Oh, Snail No!
Hey Bookworms! How goes it my darlings? Have I got a spooky story for you this week? Bdubbs, you know I do. There this town in France called Hastingues which, I assume, is where the ancestors of my favorite Pretty Little Liars character are from. In addition to someday bringing a Spencer into the world, Hastingues is also notable because the town is built over an enormous cave that’s honeycombed with tunnels. Seems like a real sketchy place to build a town, yo. Apparently, Ye Olde City Planner was not a real job when the town was founded.
As time went on, the French and the Spanish were not getting along and the people of the town were worried they would get invaded and their valuables would get looted. If only there was some place to hide their stuff while the heat was on…Viola`!
Honeycombs big, yeah, yeah, yeah? They’re not small, no,no,no. They would hide their goodies in the tunnels of the cave that the rickety crickety town was built on. Genius! What could go wrong?
Well, according to the French what had happened was an enormous house sized snail/serpent hybrid with a very impressive number of impressively long tentacles and thick fur all over its body took up residence in those caves before they could get their stuff out. The snail beast is called Carcolh which is French for...”snail”. Anyway, it’s able to work it’s tentacles throughout the tunnels in the cave and snatch people by the feet. Then the murdering mollusk will yank sharply and pull you through the tunnels and right into its gaping maw.
At least that’s how the story goes. I, for one, don’t believe it for one minute. Snails aren’t killers. They’re herbivores for goodness sake. Not people eating, gold hoarding monsters and I am not about to sit around and allow this snail slander to continue.
Allow me to pull a Velma Dinkley and tell you what really happened. First off, I will be calling the snail “Sylvester” because “carcolh” is just too lazy a name and Sylvester deserves better. I posit that Sylvester first travelled those treasure-filled tunnels as an ordinary sized snail. The caves were filled with the kind of algae and moss that our little buddy craved so he chowed right on down. BUT this moss had some unique properties and soon the little guy could feel himself changing. He grew bigger, got tentacles, and of course learned to talk. It only makes sense.

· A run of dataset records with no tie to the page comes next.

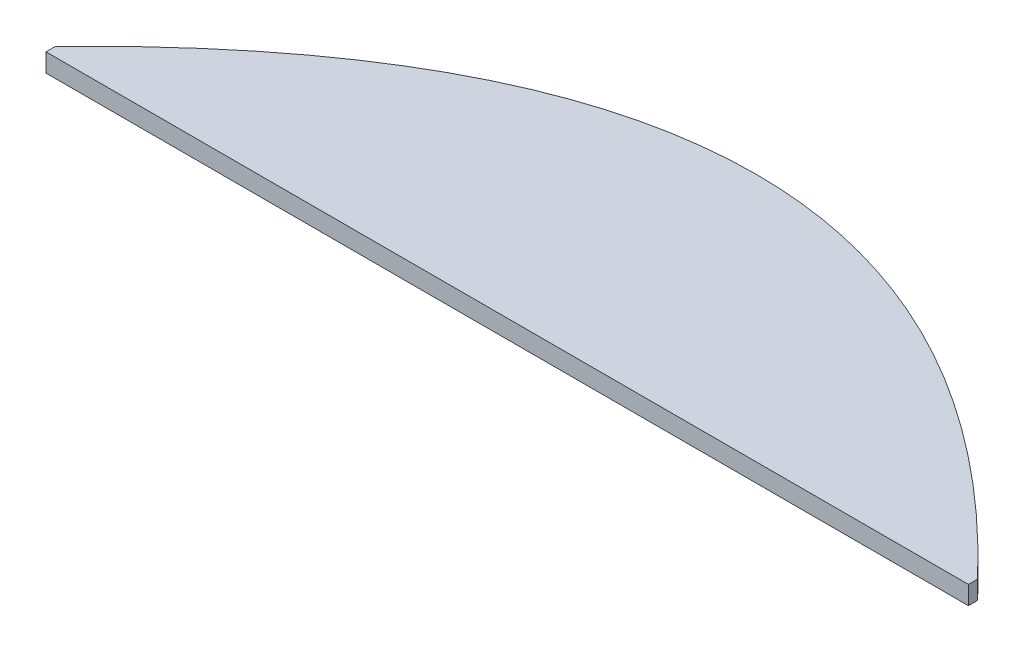
from build123d import *

# Parameters (mm, degrees)
EXTRUDE_3_DEPTH = 5
EXTRUDE_4_DEPTH = 5
SKETCH_4_W      = 500
SKETCH_4_H      = 10
EXTRUDE_5_DEPTH = 5


with BuildPart() as part:
    # 草图1 → 凸台-拉伸3 (new body)
    with BuildSketch(Plane(origin=(0, 0, 0), x_dir=(1, 0, 0), z_dir=(0, 1, 0))):
        with BuildLine():
            Line((0, 0), (-250, 0))
            add(Edge.make_bspline(
                [(-250, 0), (0, 260), (250, 0)],
                knots=[0, 0, 0, 1, 1, 1], degree=2))
            Line((250, 0), (0, 0))
        make_face()
    extrude(amount=EXTRUDE_3_DEPTH)

    # 草图3 → 凸台-拉伸4 (add)
    with BuildSketch(Plane.XZ):
        with BuildLine():
            Line((-250, 0), (250, 0))
            add(Edge.make_bspline(
                [(-250, 0), (-1e-09, -260), (250, 0)],
                knots=[0, 0, 0, 1, 1, 1], degree=2))
        make_face()
    extrude(amount=EXTRUDE_4_DEPTH)

    # 草图4 → 凸台-拉伸5 (add)
    with BuildSketch(Plane.XY):
        Rectangle(SKETCH_4_W, SKETCH_4_H)
    extrude(amount=EXTRUDE_5_DEPTH)


solid = part.part
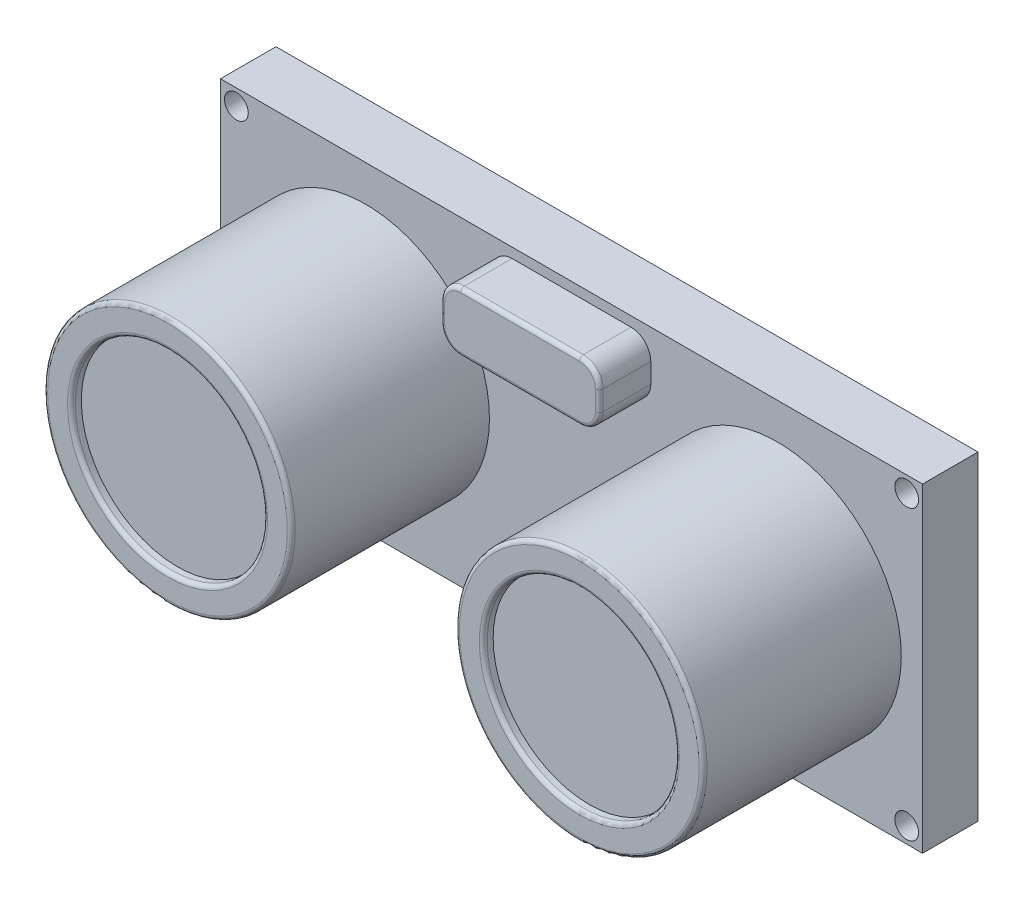
from build123d import *

# Parameters (mm, degrees)
SKETCH1_W           = 45
SKETCH1_H           = 20.5
BOSS_EXTRUDE2_DEPTH = 3.556
SKETCH2_R           = 7.9375
BOSS_EXTRUDE3_DEPTH = 12.7
SKETCH3_R           = 6.1595
CUT_EXTRUDE1_DEPTH  = 0.635
SKETCH4_W           = 10.16
SKETCH4_H           = 3.81
BOSS_EXTRUDE4_DEPTH = 3.302
FILLET1_R           = 1.27
FILLET2_R           = 0.254
SKETCH5_R           = 0.762
CUT_EXTRUDE2_DEPTH  = 3.302


with BuildPart() as part:
    # Sketch1 → Boss-Extrude2 (new body)
    with BuildSketch(Plane.XY):
        Rectangle(SKETCH1_W, SKETCH1_H)
    extrude(amount=BOSS_EXTRUDE2_DEPTH)

    # Sketch2 → Boss-Extrude3 (add)
    with BuildSketch(Plane.XY.offset(3.556)):
        with Locations((13.2, 0)):
            Circle(SKETCH2_R)
        with Locations((-13.2, 0)):
            Circle(SKETCH2_R)
    extrude(amount=BOSS_EXTRUDE3_DEPTH)

    # Sketch3 → Cut-Extrude1 (cut)
    with BuildSketch(Plane.XY.offset(16.256)):
        with Locations((-13.2, 0)):
            Circle(SKETCH3_R)
        with Locations((13.2, 0)):
            Circle(SKETCH3_R)
    extrude(amount=-CUT_EXTRUDE1_DEPTH, mode=Mode.SUBTRACT)

    # Sketch4 → Boss-Extrude4 (add)
    with BuildSketch(Plane.XY.offset(3.556)):
        with Locations((0, 7.71)):
            Rectangle(SKETCH4_W, SKETCH4_H)
    extrude(amount=BOSS_EXTRUDE4_DEPTH)

    # Fillet1
    fillet1_edges = [part.edges().sort_by_distance(p)[0] for p in [
        (5.08, 5.805, 5.207),
        (-5.08, 9.615, 5.207),
        (5.08, 9.615, 5.207),
        (-5.08, 5.805, 5.207),
    ]]
    fillet(fillet1_edges, radius=FILLET1_R)

    # Fillet2
    fillet2_edges = [part.edges().sort_by_distance(p)[0] for p in [
        (-4.708025612, 6.176974388, 6.858),
        (-5.08, 7.71, 6.858),
        (-4.708025612, 9.243025612, 6.858),
        (0, 9.615, 6.858),
        (4.708025612, 9.243025612, 6.858),
        (5.08, 7.71, 6.858),
        (4.708025612, 6.176974388, 6.858),
        (0, 5.805, 6.858),
        (5.2625, 0, 16.256),
        (7.0405, 0, 16.256),
        (-21.1375, 0, 16.256),
        (-19.3595, 0, 16.256),
    ]]
    fillet(fillet2_edges, radius=FILLET2_R)

    # Sketch5 → Cut-Extrude2 (cut)
    with BuildSketch(Plane.XY.offset(3.556)):
        with Locations((21.484, -9.234)):
            Circle(SKETCH5_R)
        with Locations((21.484, 9.234)):
            Circle(SKETCH5_R)
        with Locations((-21.484, 9.234)):
            Circle(SKETCH5_R)
        with Locations((-21.484, -9.234)):
            Circle(SKETCH5_R)
    extrude(amount=-CUT_EXTRUDE2_DEPTH, mode=Mode.SUBTRACT)


solid = part.part
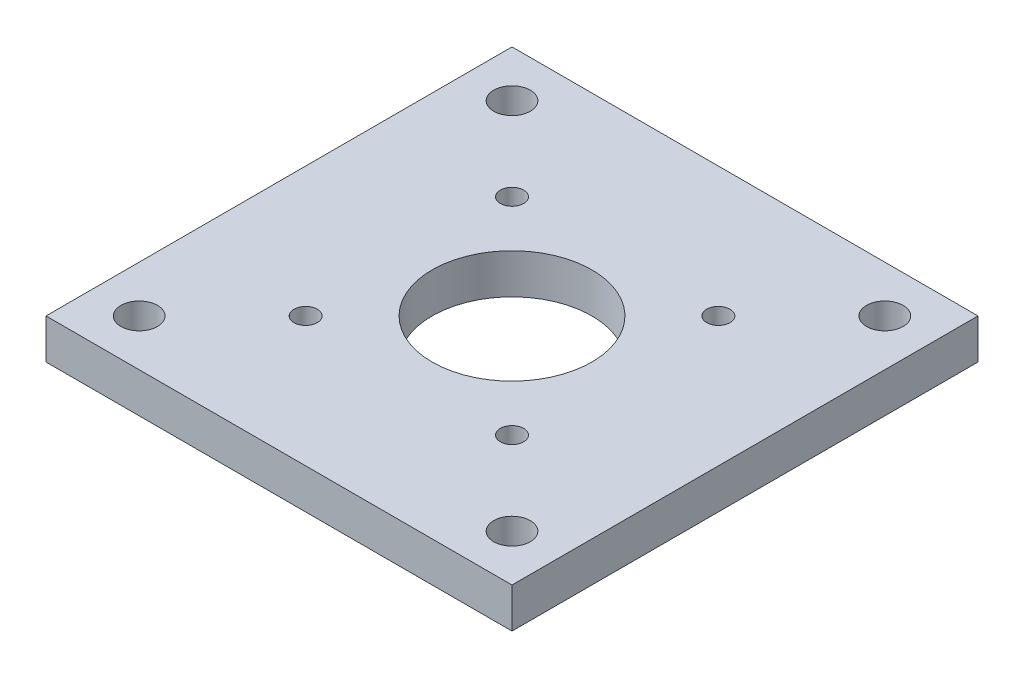
from build123d import *

# Parameters (mm, degrees)
SKETCH4_W           = 70
SKETCH4_H           = 70
SKETCH4_R           = 12
BOSS_EXTRUDE2_DEPTH = 6
SKETCH5_R           = 1.75
CUT_EXTRUDE1_DEPTH  = 50.859803449
SKETCH6_R           = 2.75
CUT_EXTRUDE2_DEPTH  = 50.859803449


with BuildPart() as part:
    # Sketch4 → Boss-Extrude2 (new body)
    with BuildSketch(Plane(origin=(0, 0, 0), x_dir=(1, 0, 0), z_dir=(0, 1, 0))):
        Rectangle(SKETCH4_W, SKETCH4_H)
        with Locations(Location((0, 0, 0), (0, 0, 270))):
            Circle(SKETCH4_R, mode=Mode.SUBTRACT)
    extrude(amount=BOSS_EXTRUDE2_DEPTH)

    # Sketch5 → Cut-Extrude1 (cut, through all)
    with BuildSketch(Plane(origin=(0, 6, 0), x_dir=(1, 0, 0), z_dir=(0, 1, 0))):
        with Locations(Location((-15.5, 15.5, 0), (0, 0, 270))):
            Circle(SKETCH5_R)
        with Locations(Location((15.5, 15.5, 0), (0, 0, 90))):
            Circle(SKETCH5_R)
        with Locations(Location((15.5, -15.5, 0), (0, 0, 270))):
            Circle(SKETCH5_R)
        with Locations(Location((-15.5, -15.5, 0), (0, 0, 90))):
            Circle(SKETCH5_R)
    extrude(amount=-CUT_EXTRUDE1_DEPTH, mode=Mode.SUBTRACT)

    # Sketch6 → Cut-Extrude2 (cut, through all)
    with BuildSketch(Plane(origin=(0, 6, 0), x_dir=(1, 0, 0), z_dir=(0, 1, 0))):
        with Locations(Location((-28, 28, 0), (0, 0, 270))):
            Circle(SKETCH6_R)
        with Locations(Location((28, 28, 0), (0, 0, 90))):
            Circle(SKETCH6_R)
        with Locations(Location((28, -28, 0), (0, 0, 270))):
            Circle(SKETCH6_R)
        with Locations(Location((-28, -28, 0), (0, 0, 90))):
            Circle(SKETCH6_R)
    extrude(amount=-CUT_EXTRUDE2_DEPTH, mode=Mode.SUBTRACT)


solid = part.part
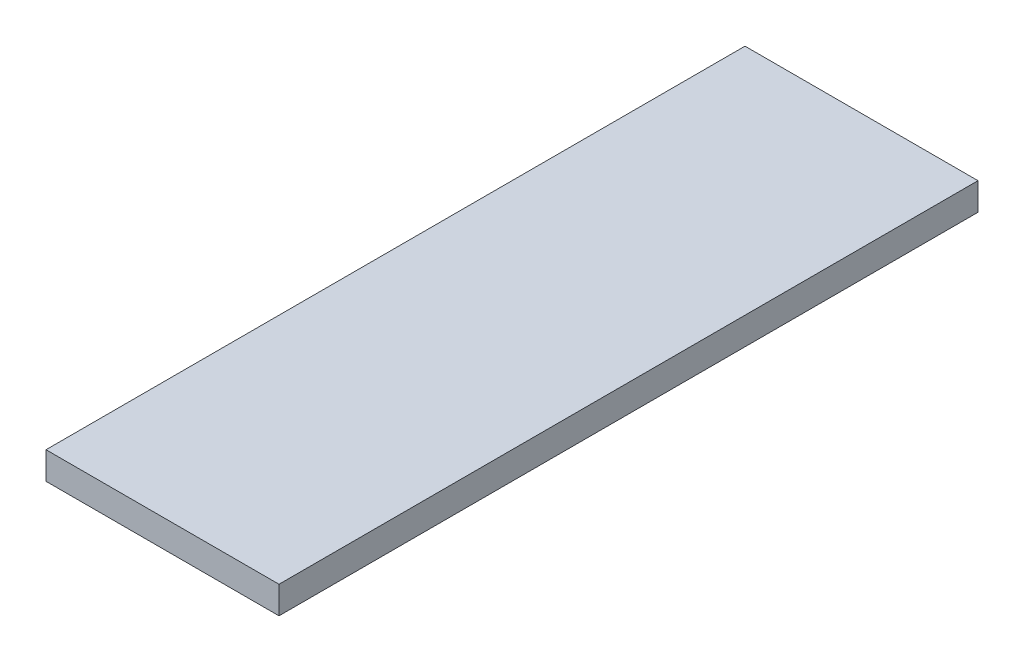
from build123d import *

# Parameters (mm, degrees)
SKETCH1_W  = 101.6
SKETCH1_H  = 11.938
BASE_DEPTH = 304.8


with BuildPart() as part:
    # Sketch1 → base (new body)
    with BuildSketch(Plane.XY):
        with Locations((50.8, 5.969)):
            Rectangle(SKETCH1_W, SKETCH1_H)
    extrude(amount=BASE_DEPTH)


solid = part.part
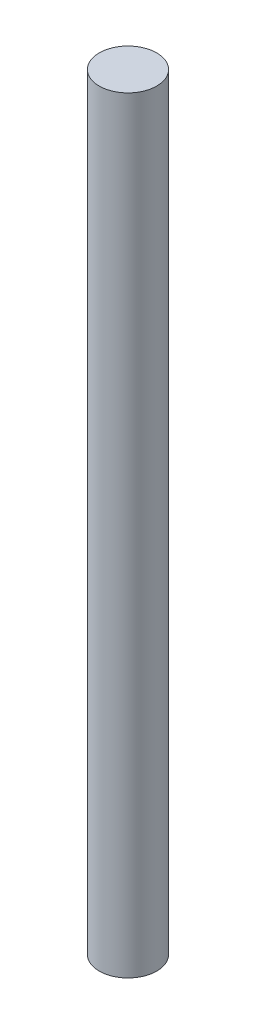
from build123d import *

# Parameters (mm, degrees)
BOSS_EXTRUDE1_DEPTH      = 10
BOSS_EXTRUDE1_DEPTH_BACK = 10
SKETCH2_R                = 0.75


with BuildPart() as part:
    # Sketch2 → Boss-Extrude1 (new, two sides: drawn at the far end of the back side and taken through both)
    with BuildSketch(Plane(origin=(0, 0, 0), x_dir=(1, 0, 0), z_dir=(0, 1, 0)).offset(-BOSS_EXTRUDE1_DEPTH_BACK)):
        Circle(SKETCH2_R)
    extrude(amount=BOSS_EXTRUDE1_DEPTH + BOSS_EXTRUDE1_DEPTH_BACK)


solid = part.part
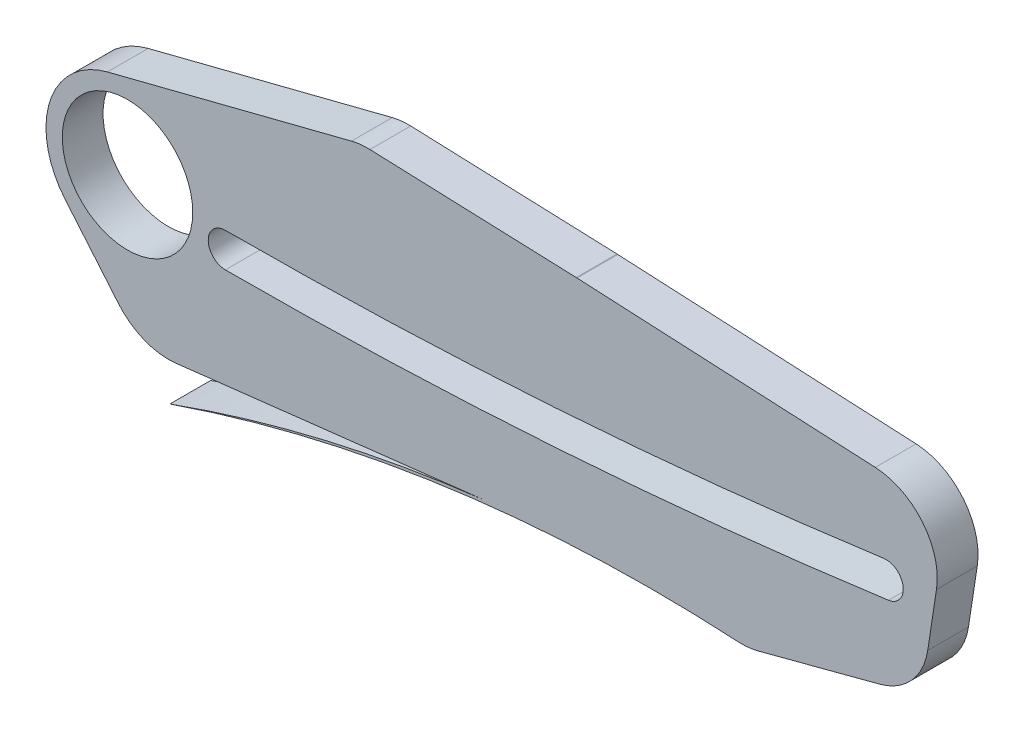
from build123d import *

# Parameters (mm, degrees)
SKETCH_1_R          = 4
EXTRUDE_1_DEPTH     = 1.25
CUT_EXTRUDE_1_DEPTH = 22
EXTRUDE_START       = -2.5
EXTRUDE_2_DEPTH     = 2.5
CUT_EXTRUDE_START   = -2.5
CUT_EXTRUDE_2_DEPTH = 2.5
CUT_EXTRUDE_4_DEPTH = 10
FILLET_1_R          = 4


with BuildPart() as part:
    # 草图1 → 凸台-拉伸1 (new, symmetric)
    with BuildSketch(Plane.XY):
        with BuildLine():
            Line((-1.233702436, 4.84540796), (14.292269552, 8.798517714))
            Line((14.292269552, 8.798517714), (27.541816671, 8.302545362))
            Line((27.541816671, 8.302545362), (50.285691672, 7.168894271))
            Line((50.285691672, 7.168894271), (48.971743891, -1.387225717))
            Line((48.971743891, -1.387225717), (38.114277377, -2.724152564))
            Line((38.114277377, -2.724152564), (18.384478153, -4.790312237))
            Line((18.384478153, -4.790312237), (3.124153733, -7.364758207))
            Line((3.124153733, -7.364758207), (-2.372822781, -4.401103504))
            ThreePointArc((-2.372822781, -4.401103504), (-4.962484216, 0.611351292), (-1.233702436, 4.84540796))
        make_face()
        Circle(SKETCH_1_R, mode=Mode.SUBTRACT)
    extrude(amount=EXTRUDE_1_DEPTH, both=True)

    # 草图2 → 切除-拉伸1 (cut)
    with BuildSketch(Plane.XY.offset(1.25)):
        with BuildLine():
            ThreePointArc((6, -2.05), (26.381158068, -1.352479883), (46.666940766, 0.736816365))
            ThreePointArc((46.666940766, 0.736816365), (47.563889378, 1.920236488), (46.380469254, 2.8171851))
            ThreePointArc((46.380469254, 2.8171851), (26.237586384, 0.742606553), (6, 0.05))
            ThreePointArc((6, 0.05), (4.95, -1), (6, -2.05))
        make_face()
    extrude(amount=-CUT_EXTRUDE_1_DEPTH, mode=Mode.SUBTRACT)

    # 草图3 → 凸台-拉伸2 (add)
    with BuildSketch(Plane(origin=(0, 0, -1.25), x_dir=(-1, 0, 0), z_dir=(0, 0, -1)).offset(EXTRUDE_START)):
        with BuildLine():
            Line((3.830222216, -3.213938048), (-2.597653881, -10.87438248))
            ThreePointArc((-2.597653881, -10.87438248), (-25.103045153, -6.203517484), (-48.061011216, -7.317703438))
            Line((-48.061011216, -7.317703438), (-48.971743891, -1.387225717))
            Line((-48.971743891, -1.387225717), (-38.114277377, -2.724152564))
            Line((-38.114277377, -2.724152564), (-18.384478153, -4.790312237))
            Line((-18.384478153, -4.790312237), (-3.124153733, -7.364758207))
            Line((-3.124153733, -7.364758207), (2.372822781, -4.401103504))
            ThreePointArc((2.372822781, -4.401103504), (3.157812892, -3.876624529), (3.830222216, -3.213938048))
        make_face()
    extrude(amount=EXTRUDE_2_DEPTH)

    # 草图4 → 切除-拉伸2 (cut)
    with BuildSketch(Plane(origin=(0, 0, -1.25), x_dir=(-1, 0, 0), z_dir=(0, 0, -1)).offset(CUT_EXTRUDE_START)):
        with BuildLine():
            Line((-48.675283939, -3.317703438), (-38.061011216, -6.114773366))
            ThreePointArc((-38.061011216, -6.114773366), (-43.07765861, -6.577848026), (-48.061011216, -7.317703438))
            Line((-48.061011216, -7.317703438), (-48.675283939, -3.317703438))
        make_face()
    extrude(amount=CUT_EXTRUDE_2_DEPTH, mode=Mode.SUBTRACT)

    # 草图6 → 切除-拉伸4 (cut)
    with BuildSketch(Plane(origin=(0, 0, -1.25), x_dir=(-1, 0, 0), z_dir=(0, 0, -1))):
        with BuildLine():
            ThreePointArc((-21.916565225, -6.331777176), (-20.02762746, -6.571548728), (-18.144467787, -6.853126294))
            ThreePointArc((-18.144467787, -6.853126294), (-10.276894061, -8.499690713), (-2.597653881, -10.87438248))
            Line((-2.597653881, -10.87438248), (-0.832664521, -8.770950068))
            Line((-0.832664521, -8.770950068), (-21.916565225, -6.331777176))
        make_face()
    extrude(amount=-CUT_EXTRUDE_4_DEPTH, mode=Mode.SUBTRACT)

    # 圆角1
    fillet_1_edges = [part.edges().sort_by_distance(p)[0] for p in [
        (14.292269552, 8.798517714, 0),
        (27.541816671, 8.302545362, 0),
        (50.285691672, 7.168894271, 0),
        (48.675283939, -3.317703438, 0),
        (38.061011216, -6.114773366, 0),
        (0.832664521, -8.770950068, 0),
    ]]
    fillet(fillet_1_edges, radius=FILLET_1_R)


solid = part.part
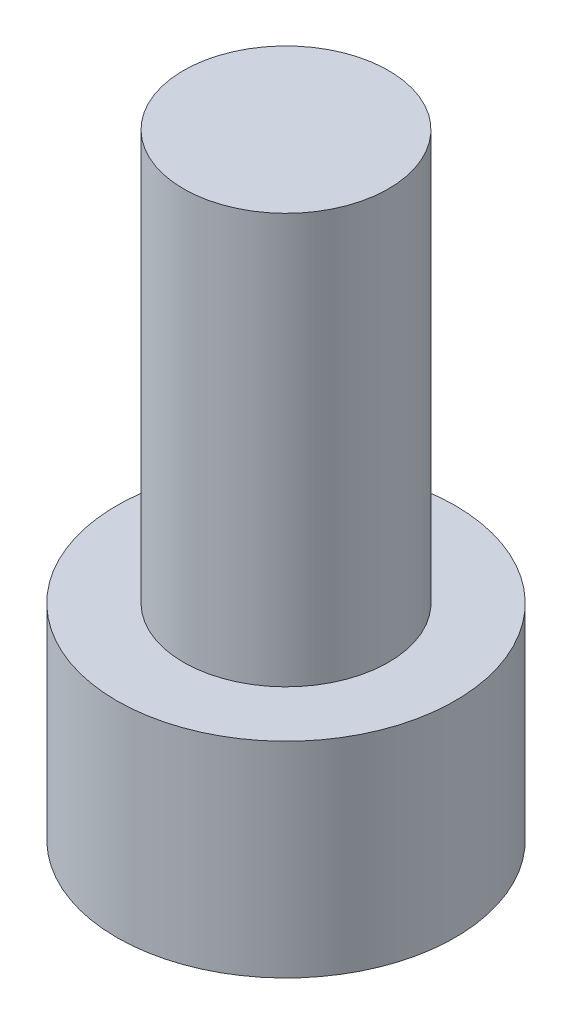
from build123d import *

# Parameters (mm, degrees)
SKETCH_1_R          = 6.6
EXTRUDE_1_DEPTH     = 8
SKETCH_2_R          = 4
EXTRUDE_2_DEPTH     = 16
CUT_EXTRUDE_1_DEPTH = 4


with BuildPart() as part:
    # 草图1 → 凸台-拉伸1 (new body)
    with BuildSketch(Plane(origin=(0, 0, 0), x_dir=(1, 0, 0), z_dir=(0, 1, 0))):
        with Locations(Location((0, 0, 0), (0, 0, 270))):
            Circle(SKETCH_1_R)
    extrude(amount=EXTRUDE_1_DEPTH)

    # 草图2 → 凸台-拉伸2 (add)
    with BuildSketch(Plane(origin=(0, 8, 0), x_dir=(1, 0, 0), z_dir=(0, 1, 0))):
        with Locations(Location((0, 0, 0), (0, 0, 270))):
            Circle(SKETCH_2_R)
    extrude(amount=EXTRUDE_2_DEPTH)

    # 草图3 → 切除-拉伸1 (cut)
    with BuildSketch(Plane.XZ):
        Polygon((2.805209528, -2.032436839), (3.162746698, 1.413164294), (0.357537171, 3.445601134), (-2.805209528, 2.032436839), (-3.162746698, -1.413164294), (-0.357537171, -3.445601134), align=None)
    extrude(amount=-CUT_EXTRUDE_1_DEPTH, mode=Mode.SUBTRACT)


solid = part.part

So, the town is built on a cave and Sylvester can hear just about anything that goes on it town from his cavern and he realizes what so many of us have realized. Most people suck. But there are some good ones out there. They don’t deserve to be stuck with the jerks, so Sylvester tracks them down and when he gets a chance he yanks them into the cavern and introduces himself. By now he’s built a whole sustainable community. A veritable snailtopia the likes of which we can only imagine.
What’s with the monster story then? Well, haters are gonna hate y’all. So, the people who haven’t been chosen by Sylvester go around bad mouthing him and proving that his instincts were correct. If the cavern corps need supplies, they just put on a disguise and then sneak out to get them. I’m picturing one of those fake beards that are held in place with an elastic band. It’s a freaking genius plan.
So, if the above ground world is getting you down, head on over to Hastingues and wander around the forest talking loudly about how it’s wrong to romanticize serial killers or how you would never trim your nails in an office setting. If you’re lucky Sylvester will hear you and yank you down to snail town. That sounds pretty good to me Bookworms, how about you?